And here, as in a revolutionary song," the fees were short-lived " — only one year. Short-lived, but difficult in an unprecedented way. It was a grueling test of survival, without compromise. Yuri Gagarin and German Titov went this way a little better than others.
Small spool, but expensive. And the first spaceship was far from spacious. 5.2 cubic meters — that's all the space for the pilot; plus another 3 cubic meters for the equipment. Gagarin's spacesuit had a four-hour supply of oxygen. This was the first space apartment — small, but, as the flight showed, reliable.
It was clear that in the flight of a person waiting for unprecedented overload. And neither the doctors nor the chief designers knew exactly what to protect themselves from and how. The space pioneer had no guarantees of safety, although the engineers, of course, did everything possible, fighting for the life of the cosmonaut in advance. We calculated emergency modes, developed a system for emergency parachute descent in case of a fire at the launch of a rocket. But they could not have foreseen many of the surprises that space is fraught with. And they knew about it. Otherwise, Gagarin's flight probably wouldn't have been such a feat with a capital letter.
Many experts were afraid of weightlessness — mysterious, unexplored. How will the human body react to it, even the most trained? Attempts to create artificial weightlessness on board the plane could not give a definitive answer. Many doctors believed that in an unusual state, the psyche can not stand it.

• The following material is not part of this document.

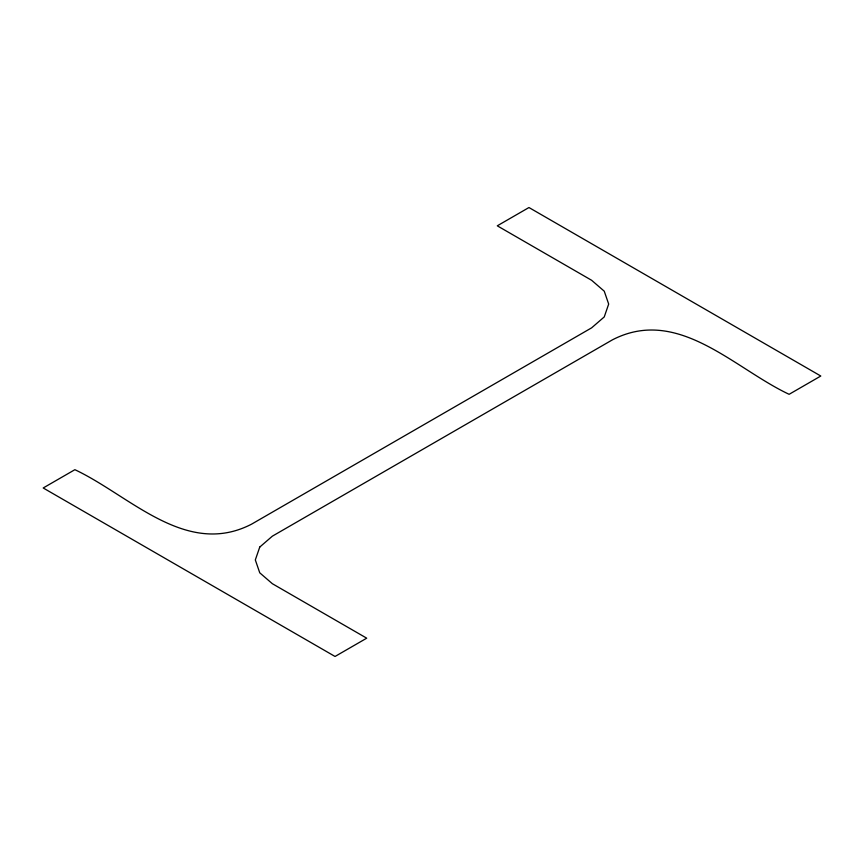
<?xml version="1.0" encoding="UTF-8"?>
<svg xmlns="http://www.w3.org/2000/svg" width="864" height="864" viewBox="0 0 864 864"><rect width="100%" height="100%" fill="white"/><g stroke="black" fill="none" stroke-linecap="round" stroke-linejoin="round"><path stroke-width="1.3" d="M259.751 547.074L255.323 559.937L259.751 572.81L272.376 583.718L366.714 638.183L335.038 656.467L43.2 487.976L74.876 469.692C130.043 495.58 186.041 558.004 251.586 524.156L591.624 327.845L604.249 316.926L608.677 304.063L604.249 291.19L591.624 280.282L497.286 225.817L528.962 207.533L820.8 376.024L789.124 394.308C733.957 368.42 677.959 305.996 612.414 339.844L272.376 536.155L259.751 547.074"/></g></svg>

The Vostok-1 spacecraft, piloted by Yuri Alekseyevich Gagarin
The doctors were worried — how would the first cosmonaut survive the overload of the launch, this unthinkable speed in the fire and rumble? But Gagarin's voice sounded surprisingly optimistic in the first minutes of the flight. He admired the beauty of the cosmic views, which he was the first in the world to observe through the porthole. "What a beauty!" — these Gagarin words referred to both the Earth and the sky. Later, this exclamation will be involuntarily repeated by almost all cosmonauts. The radio communication of the East with the Earth, with Moscow, was almost not interrupted. In addition, Gagarin throughout the entire flight (even in the most difficult, critical moments) recorded his impressions and feelings on a tape recorder.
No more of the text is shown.